▸ **Instructions to follow**
Only the lines that hold "dxfattribs" should be in the answer, each copied from the data below.

▸ **Dataset content**

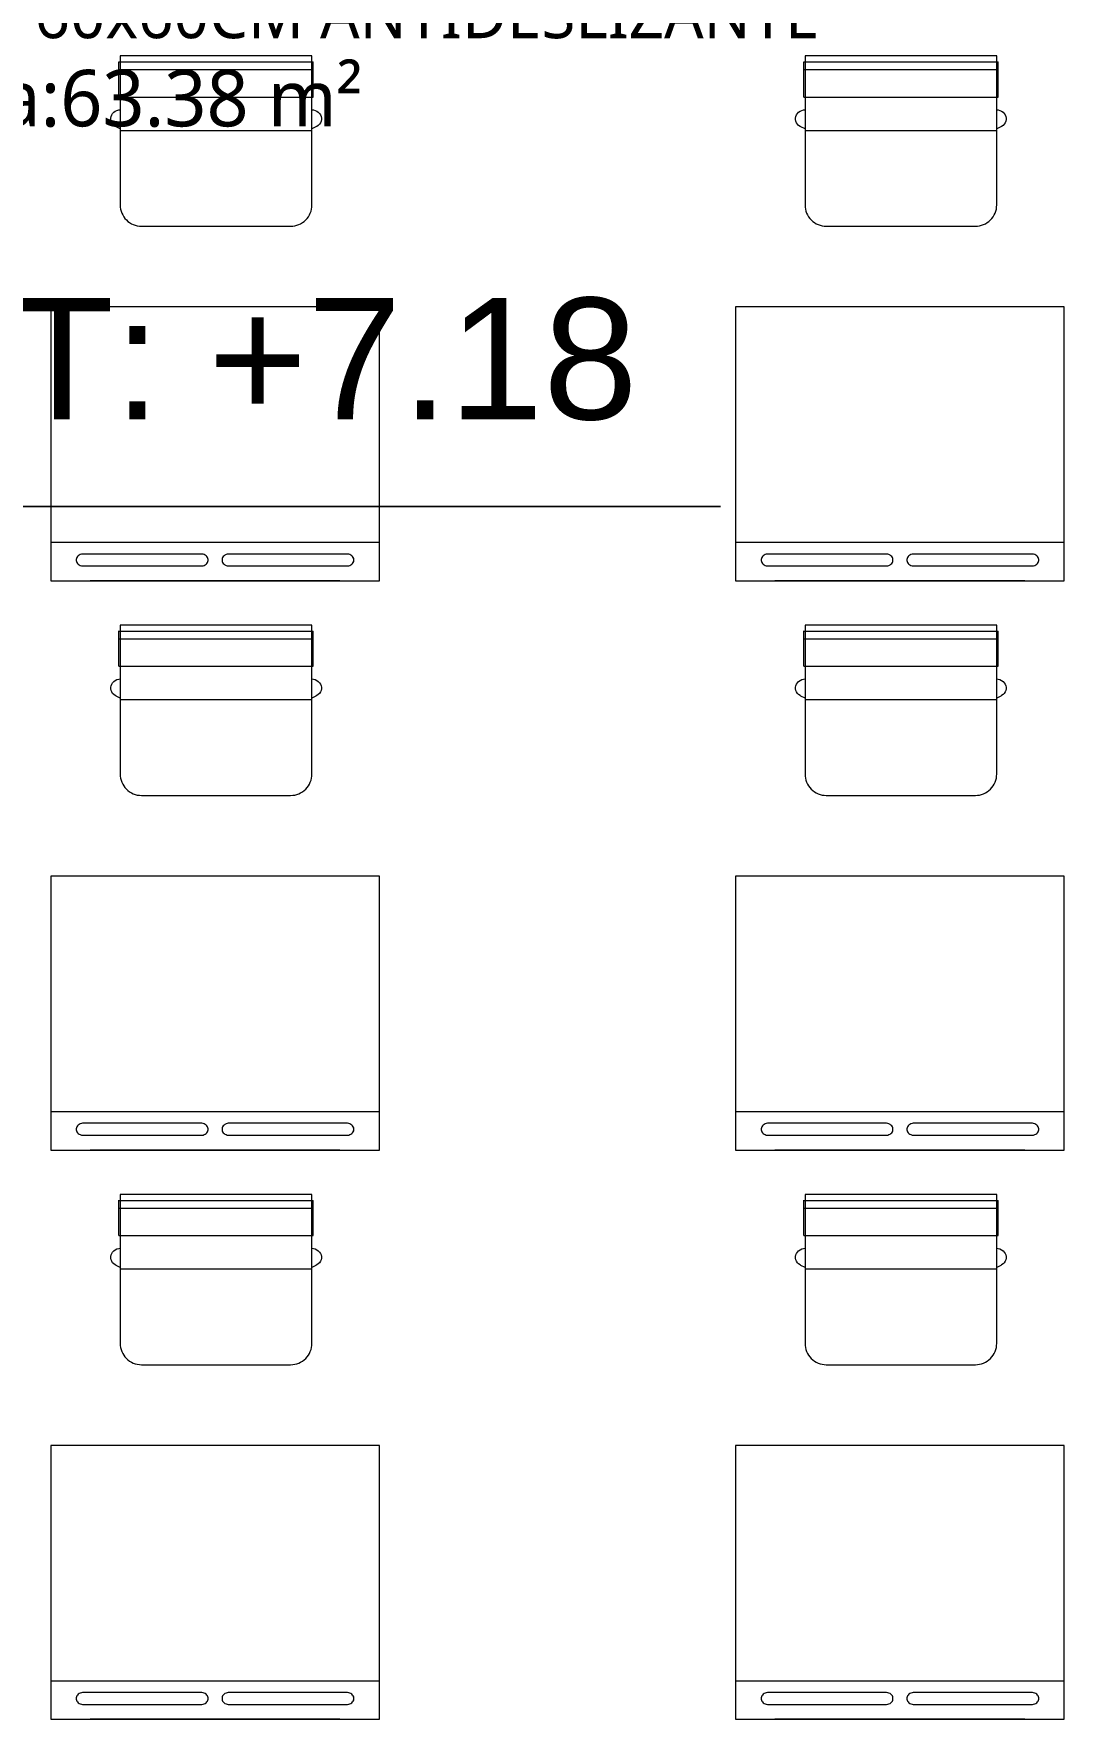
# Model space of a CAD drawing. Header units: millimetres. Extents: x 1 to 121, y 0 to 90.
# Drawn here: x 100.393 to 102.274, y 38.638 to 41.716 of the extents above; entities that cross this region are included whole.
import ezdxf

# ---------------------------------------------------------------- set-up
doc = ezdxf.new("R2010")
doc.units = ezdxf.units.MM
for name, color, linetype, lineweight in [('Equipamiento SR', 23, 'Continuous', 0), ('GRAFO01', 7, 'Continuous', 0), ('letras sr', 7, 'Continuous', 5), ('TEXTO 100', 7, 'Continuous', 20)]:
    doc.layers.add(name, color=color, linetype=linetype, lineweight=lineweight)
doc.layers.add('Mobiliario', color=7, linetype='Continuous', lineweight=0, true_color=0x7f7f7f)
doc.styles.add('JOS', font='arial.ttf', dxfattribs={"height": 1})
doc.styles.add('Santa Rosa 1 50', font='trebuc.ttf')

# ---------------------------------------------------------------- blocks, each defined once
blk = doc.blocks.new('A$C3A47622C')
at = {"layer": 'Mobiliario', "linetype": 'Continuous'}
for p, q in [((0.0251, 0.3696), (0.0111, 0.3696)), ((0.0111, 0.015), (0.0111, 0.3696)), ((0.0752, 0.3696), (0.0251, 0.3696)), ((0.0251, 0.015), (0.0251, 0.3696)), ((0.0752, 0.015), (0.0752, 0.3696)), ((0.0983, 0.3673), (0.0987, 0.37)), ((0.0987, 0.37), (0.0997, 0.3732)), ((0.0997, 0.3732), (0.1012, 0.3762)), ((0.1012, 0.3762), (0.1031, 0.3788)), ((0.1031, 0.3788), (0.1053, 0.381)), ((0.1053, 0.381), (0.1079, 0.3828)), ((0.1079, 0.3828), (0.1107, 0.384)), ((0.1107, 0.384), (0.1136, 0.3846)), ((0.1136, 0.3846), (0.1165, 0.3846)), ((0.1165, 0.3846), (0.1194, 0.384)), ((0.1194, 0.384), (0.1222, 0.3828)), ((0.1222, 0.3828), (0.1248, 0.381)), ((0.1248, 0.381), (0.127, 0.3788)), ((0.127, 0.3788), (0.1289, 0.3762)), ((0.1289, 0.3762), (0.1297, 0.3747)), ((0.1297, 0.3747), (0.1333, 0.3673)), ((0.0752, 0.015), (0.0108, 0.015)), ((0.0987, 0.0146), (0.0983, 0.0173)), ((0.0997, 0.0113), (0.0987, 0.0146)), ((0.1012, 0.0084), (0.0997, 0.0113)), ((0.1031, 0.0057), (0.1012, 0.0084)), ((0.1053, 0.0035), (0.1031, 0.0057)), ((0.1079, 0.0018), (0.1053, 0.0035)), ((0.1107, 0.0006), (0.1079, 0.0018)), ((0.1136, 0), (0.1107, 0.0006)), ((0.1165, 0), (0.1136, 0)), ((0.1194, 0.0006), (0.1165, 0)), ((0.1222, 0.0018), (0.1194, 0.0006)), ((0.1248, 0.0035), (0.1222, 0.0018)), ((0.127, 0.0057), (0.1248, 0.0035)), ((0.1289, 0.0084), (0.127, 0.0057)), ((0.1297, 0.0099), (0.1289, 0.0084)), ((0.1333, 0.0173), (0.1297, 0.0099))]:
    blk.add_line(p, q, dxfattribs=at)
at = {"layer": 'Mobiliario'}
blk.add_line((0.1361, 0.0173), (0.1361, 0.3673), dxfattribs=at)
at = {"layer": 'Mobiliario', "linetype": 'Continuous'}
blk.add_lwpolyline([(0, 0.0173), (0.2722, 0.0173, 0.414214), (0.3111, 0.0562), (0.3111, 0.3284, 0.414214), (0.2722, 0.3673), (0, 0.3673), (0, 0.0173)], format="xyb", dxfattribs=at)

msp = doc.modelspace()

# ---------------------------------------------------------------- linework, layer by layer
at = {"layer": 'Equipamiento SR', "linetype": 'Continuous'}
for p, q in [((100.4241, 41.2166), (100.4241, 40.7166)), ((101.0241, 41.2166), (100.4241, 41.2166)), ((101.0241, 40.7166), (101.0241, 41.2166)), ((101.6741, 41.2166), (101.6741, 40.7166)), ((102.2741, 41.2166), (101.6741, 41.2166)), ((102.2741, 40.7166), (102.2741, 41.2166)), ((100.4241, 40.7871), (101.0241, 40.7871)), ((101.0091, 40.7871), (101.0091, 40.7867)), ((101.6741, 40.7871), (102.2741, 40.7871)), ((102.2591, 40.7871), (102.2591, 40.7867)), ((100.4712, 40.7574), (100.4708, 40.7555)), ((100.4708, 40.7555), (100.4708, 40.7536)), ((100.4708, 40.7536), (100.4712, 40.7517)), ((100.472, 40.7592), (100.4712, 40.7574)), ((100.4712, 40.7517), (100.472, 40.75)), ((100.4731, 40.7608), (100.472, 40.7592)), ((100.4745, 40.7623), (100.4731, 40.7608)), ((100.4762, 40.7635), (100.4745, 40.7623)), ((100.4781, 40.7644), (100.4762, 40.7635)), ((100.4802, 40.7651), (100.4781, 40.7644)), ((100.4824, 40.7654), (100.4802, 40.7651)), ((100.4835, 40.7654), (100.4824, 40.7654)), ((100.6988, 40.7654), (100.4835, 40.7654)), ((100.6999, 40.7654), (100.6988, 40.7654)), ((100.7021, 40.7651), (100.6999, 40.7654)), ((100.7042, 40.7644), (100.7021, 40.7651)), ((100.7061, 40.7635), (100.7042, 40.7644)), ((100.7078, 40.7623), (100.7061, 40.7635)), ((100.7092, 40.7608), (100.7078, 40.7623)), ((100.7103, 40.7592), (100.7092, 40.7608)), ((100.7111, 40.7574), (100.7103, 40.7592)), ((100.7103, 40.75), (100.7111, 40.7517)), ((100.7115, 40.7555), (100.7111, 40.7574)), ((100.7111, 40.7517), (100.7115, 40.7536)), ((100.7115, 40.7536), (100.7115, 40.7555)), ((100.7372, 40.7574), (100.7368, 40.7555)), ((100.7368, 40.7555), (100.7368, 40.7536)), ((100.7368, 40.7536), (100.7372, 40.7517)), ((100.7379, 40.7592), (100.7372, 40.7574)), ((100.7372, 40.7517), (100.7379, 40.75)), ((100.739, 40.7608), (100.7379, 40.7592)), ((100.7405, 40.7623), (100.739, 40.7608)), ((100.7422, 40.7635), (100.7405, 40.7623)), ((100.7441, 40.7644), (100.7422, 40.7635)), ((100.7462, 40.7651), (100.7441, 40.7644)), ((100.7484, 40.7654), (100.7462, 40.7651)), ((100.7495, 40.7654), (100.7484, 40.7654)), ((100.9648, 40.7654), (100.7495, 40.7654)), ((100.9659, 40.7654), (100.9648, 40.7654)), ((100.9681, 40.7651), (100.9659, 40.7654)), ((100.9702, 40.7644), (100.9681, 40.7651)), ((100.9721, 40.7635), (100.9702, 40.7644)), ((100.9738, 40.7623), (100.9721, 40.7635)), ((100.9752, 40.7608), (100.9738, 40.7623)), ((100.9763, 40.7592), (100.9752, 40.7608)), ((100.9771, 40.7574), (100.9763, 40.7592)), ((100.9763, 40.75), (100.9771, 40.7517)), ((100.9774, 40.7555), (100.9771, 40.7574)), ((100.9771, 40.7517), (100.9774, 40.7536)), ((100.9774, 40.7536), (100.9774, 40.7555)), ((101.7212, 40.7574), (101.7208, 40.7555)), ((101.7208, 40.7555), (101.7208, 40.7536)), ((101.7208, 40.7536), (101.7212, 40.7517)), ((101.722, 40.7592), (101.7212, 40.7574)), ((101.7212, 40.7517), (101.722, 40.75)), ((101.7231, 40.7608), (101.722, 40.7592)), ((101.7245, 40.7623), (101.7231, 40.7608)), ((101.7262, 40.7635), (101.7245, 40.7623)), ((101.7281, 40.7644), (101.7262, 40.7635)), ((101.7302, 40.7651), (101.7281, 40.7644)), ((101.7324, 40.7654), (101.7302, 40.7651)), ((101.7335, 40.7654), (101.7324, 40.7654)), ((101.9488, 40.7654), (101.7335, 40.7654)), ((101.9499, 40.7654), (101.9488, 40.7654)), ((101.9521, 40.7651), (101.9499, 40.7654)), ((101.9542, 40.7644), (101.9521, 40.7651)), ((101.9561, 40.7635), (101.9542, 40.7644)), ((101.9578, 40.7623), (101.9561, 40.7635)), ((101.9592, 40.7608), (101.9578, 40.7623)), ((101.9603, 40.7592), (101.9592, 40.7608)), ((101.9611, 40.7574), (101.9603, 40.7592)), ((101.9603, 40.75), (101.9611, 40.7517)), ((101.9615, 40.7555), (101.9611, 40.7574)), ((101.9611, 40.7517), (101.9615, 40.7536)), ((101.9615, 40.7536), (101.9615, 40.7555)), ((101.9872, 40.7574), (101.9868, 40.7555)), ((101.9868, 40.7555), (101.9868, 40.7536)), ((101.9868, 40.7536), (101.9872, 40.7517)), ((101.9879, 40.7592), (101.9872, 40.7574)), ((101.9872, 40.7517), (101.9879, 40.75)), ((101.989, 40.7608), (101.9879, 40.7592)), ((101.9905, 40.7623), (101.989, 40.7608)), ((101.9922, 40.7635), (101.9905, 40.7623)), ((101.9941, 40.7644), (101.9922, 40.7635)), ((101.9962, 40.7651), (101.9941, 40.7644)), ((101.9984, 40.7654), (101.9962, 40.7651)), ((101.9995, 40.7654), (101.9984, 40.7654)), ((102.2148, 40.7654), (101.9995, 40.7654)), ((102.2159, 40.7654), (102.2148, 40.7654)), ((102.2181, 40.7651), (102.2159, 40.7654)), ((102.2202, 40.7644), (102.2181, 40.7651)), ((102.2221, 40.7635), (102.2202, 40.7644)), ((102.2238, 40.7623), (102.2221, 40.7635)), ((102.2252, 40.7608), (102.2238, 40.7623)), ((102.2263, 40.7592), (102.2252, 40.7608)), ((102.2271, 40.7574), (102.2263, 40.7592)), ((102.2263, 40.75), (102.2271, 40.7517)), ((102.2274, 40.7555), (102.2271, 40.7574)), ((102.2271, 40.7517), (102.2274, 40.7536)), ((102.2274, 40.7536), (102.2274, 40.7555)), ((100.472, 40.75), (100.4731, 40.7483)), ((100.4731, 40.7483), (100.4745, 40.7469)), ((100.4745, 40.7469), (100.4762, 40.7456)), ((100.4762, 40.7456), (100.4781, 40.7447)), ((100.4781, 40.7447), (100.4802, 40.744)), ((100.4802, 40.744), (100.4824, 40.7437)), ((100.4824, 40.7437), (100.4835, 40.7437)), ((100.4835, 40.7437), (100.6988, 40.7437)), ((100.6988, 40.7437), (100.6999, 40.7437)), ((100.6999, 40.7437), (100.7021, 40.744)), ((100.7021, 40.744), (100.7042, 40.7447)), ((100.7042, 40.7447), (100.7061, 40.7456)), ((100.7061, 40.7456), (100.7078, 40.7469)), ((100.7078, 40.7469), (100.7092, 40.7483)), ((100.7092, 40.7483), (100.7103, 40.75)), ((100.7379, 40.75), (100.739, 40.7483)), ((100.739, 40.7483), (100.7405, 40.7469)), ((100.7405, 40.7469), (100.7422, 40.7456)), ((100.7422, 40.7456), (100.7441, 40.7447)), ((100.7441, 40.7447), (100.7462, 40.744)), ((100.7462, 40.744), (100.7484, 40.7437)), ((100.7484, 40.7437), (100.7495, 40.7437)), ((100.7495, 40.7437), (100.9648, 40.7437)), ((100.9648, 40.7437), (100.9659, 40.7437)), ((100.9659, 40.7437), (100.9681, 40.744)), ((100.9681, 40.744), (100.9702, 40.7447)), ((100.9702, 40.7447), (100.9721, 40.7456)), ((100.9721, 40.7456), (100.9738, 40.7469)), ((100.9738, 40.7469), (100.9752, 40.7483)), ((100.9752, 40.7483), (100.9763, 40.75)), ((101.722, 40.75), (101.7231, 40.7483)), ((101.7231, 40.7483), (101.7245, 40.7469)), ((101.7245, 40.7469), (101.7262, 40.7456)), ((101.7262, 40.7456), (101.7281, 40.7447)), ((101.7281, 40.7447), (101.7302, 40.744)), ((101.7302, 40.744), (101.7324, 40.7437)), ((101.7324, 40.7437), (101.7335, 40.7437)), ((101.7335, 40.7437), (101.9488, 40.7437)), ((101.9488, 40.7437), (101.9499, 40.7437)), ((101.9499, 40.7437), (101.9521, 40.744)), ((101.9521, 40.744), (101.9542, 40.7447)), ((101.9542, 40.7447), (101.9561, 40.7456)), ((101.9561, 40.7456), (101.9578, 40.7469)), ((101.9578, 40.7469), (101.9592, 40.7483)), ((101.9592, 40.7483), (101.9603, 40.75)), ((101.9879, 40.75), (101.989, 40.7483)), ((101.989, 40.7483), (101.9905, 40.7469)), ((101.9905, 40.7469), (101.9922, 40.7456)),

▸ **Answer box**
doc.styles.add('JOS', font='arial.ttf', dxfattribs={"height": 1})
    blk.add_line(p, q, dxfattribs=at)
blk.add_line((0.1361, 0.0173), (0.1361, 0.3673), dxfattribs=at)
blk.add_lwpolyline([(0, 0.0173), (0.2722, 0.0173, 0.414214), (0.3111, 0.0562), (0.3111, 0.3284, 0.414214), (0.2722, 0.3673), (0, 0.3673), (0, 0.0173)], format="xyb", dxfattribs=at)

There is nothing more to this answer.